## 1. Introduction

[2] Groundwater is vulnerable to contamination from point and nonpoint sources. One of the first steps in any environmental remediation project is to identify the locations and release histories of contaminant sources so that a cost-effective remediation strategy can be made and so that cleanup costs can be partitioned among liable parties. In most cases, source locations and release histories are unknown when contamination is first detected. The reconstruction of contaminant source locations and release histories from observed concentration records is a special type of inverse problem.

[3] *Sun* [1994] classified inverse problems in groundwater modeling into five types: namely, the identification of parameters, boundary conditions, initial conditions, sinks and sources, and the simultaneous identification of more than one of these components. From a theoretical point of view, the identification of source terms in a partial differential equation is simpler than identification of the equation coefficients [*Isakov*, 1990]. In practice, however, the source identification problem is very challenging because of its ill-posed nature and lack of data [*Sun and Sun*, 2002, 2005].
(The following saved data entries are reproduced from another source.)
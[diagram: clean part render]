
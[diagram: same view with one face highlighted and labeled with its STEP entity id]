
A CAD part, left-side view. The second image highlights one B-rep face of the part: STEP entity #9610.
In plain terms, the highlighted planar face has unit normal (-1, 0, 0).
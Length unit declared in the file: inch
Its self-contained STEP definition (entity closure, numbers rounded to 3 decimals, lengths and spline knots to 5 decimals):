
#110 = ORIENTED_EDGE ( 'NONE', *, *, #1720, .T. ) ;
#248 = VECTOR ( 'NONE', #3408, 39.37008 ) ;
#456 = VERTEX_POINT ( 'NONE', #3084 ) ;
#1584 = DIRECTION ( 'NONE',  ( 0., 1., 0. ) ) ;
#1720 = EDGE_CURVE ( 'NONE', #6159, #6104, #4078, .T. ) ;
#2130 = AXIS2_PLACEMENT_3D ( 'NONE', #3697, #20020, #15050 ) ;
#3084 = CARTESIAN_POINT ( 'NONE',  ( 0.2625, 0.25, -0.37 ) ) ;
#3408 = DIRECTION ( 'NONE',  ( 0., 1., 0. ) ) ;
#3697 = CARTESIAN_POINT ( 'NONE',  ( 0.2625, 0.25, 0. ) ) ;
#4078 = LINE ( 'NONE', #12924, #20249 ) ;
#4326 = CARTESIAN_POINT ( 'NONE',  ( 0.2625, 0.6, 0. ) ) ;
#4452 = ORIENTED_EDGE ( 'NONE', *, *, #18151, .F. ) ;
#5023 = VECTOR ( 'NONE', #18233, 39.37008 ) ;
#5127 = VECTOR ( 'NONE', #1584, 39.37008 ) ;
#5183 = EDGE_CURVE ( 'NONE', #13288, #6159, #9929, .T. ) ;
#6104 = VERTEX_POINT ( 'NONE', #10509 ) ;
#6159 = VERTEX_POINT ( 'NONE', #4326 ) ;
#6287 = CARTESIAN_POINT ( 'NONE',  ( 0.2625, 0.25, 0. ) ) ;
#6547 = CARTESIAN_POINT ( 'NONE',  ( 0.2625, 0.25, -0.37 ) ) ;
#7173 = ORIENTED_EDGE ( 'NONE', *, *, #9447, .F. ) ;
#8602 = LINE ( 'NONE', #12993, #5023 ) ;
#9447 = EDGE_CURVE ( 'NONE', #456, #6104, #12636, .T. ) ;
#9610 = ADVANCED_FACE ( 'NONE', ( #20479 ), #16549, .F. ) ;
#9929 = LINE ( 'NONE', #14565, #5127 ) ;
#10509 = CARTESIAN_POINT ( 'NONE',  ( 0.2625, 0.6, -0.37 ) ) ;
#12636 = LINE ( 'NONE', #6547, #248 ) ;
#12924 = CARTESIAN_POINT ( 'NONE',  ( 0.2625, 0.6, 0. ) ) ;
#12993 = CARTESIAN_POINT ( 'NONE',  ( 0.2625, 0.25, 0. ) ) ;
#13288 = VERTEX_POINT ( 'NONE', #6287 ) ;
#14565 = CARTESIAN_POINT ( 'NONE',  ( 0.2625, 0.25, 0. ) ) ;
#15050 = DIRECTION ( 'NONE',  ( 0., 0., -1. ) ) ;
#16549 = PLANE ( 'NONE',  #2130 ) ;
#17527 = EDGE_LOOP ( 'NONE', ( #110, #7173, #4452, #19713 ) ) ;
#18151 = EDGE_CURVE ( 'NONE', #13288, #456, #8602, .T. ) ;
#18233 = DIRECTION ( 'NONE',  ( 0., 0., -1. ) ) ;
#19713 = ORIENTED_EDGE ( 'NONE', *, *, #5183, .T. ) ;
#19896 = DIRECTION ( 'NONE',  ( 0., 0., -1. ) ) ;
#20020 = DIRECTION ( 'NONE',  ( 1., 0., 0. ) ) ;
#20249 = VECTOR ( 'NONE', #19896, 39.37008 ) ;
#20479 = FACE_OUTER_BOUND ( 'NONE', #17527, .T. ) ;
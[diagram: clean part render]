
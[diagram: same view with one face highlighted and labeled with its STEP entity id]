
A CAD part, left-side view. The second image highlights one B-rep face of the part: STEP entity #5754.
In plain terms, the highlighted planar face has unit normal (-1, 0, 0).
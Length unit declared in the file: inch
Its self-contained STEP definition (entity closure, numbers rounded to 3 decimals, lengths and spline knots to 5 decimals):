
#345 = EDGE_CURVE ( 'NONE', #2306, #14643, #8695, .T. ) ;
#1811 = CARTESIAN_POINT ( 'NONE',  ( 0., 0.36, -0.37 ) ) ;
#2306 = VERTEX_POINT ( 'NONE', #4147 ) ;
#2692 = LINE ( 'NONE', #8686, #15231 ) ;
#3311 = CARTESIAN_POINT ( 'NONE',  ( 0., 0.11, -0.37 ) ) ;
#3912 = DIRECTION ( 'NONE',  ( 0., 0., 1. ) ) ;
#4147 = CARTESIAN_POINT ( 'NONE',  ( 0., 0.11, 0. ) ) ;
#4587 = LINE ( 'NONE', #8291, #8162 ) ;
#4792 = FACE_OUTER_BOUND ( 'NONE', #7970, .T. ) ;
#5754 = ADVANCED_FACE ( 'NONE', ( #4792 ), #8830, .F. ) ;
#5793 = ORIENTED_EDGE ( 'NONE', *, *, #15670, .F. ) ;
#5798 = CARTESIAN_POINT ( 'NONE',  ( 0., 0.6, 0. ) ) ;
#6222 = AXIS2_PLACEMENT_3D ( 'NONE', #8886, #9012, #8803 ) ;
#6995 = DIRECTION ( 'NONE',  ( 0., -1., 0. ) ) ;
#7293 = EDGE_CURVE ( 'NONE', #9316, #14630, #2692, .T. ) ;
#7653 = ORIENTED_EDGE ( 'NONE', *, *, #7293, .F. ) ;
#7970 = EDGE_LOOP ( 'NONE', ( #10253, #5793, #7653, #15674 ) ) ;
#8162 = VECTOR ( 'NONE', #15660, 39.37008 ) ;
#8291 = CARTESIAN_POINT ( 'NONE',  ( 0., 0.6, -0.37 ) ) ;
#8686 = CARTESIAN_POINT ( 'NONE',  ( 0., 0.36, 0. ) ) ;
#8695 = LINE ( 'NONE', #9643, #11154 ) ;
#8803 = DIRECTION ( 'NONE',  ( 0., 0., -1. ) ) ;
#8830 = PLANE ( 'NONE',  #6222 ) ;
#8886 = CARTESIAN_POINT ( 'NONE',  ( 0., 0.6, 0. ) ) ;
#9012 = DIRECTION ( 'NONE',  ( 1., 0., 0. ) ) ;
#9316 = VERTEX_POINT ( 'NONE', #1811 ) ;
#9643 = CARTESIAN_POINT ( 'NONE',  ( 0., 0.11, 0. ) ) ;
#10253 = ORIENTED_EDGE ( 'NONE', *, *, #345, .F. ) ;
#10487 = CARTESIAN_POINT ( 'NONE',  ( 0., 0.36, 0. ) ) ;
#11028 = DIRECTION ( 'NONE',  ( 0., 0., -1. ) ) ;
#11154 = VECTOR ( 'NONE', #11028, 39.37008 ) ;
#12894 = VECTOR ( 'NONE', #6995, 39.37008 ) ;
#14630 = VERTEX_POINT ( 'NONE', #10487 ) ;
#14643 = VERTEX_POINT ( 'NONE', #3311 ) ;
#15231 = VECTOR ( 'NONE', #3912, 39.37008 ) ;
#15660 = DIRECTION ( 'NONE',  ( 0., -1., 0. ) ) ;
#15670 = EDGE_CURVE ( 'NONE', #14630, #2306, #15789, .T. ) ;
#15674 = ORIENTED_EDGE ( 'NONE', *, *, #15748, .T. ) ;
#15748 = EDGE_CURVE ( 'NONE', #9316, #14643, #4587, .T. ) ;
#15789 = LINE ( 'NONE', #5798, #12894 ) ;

[4] Contaminant source identification has been studied for over two decades in groundwater hydrology. Three subproblems are often considered under this topic: finding the release history of a source, finding the location of a source, and recovering the initial distribution of a contaminant plume. Various deterministic and statistical methods have been devised to solve these problems. *Atmadja and Bagtzoglou* [2001a] and *Michalak and Kitanidis* [2004] provided extensive literature reviews on this subject. Existing approaches can be roughly classified into three categories.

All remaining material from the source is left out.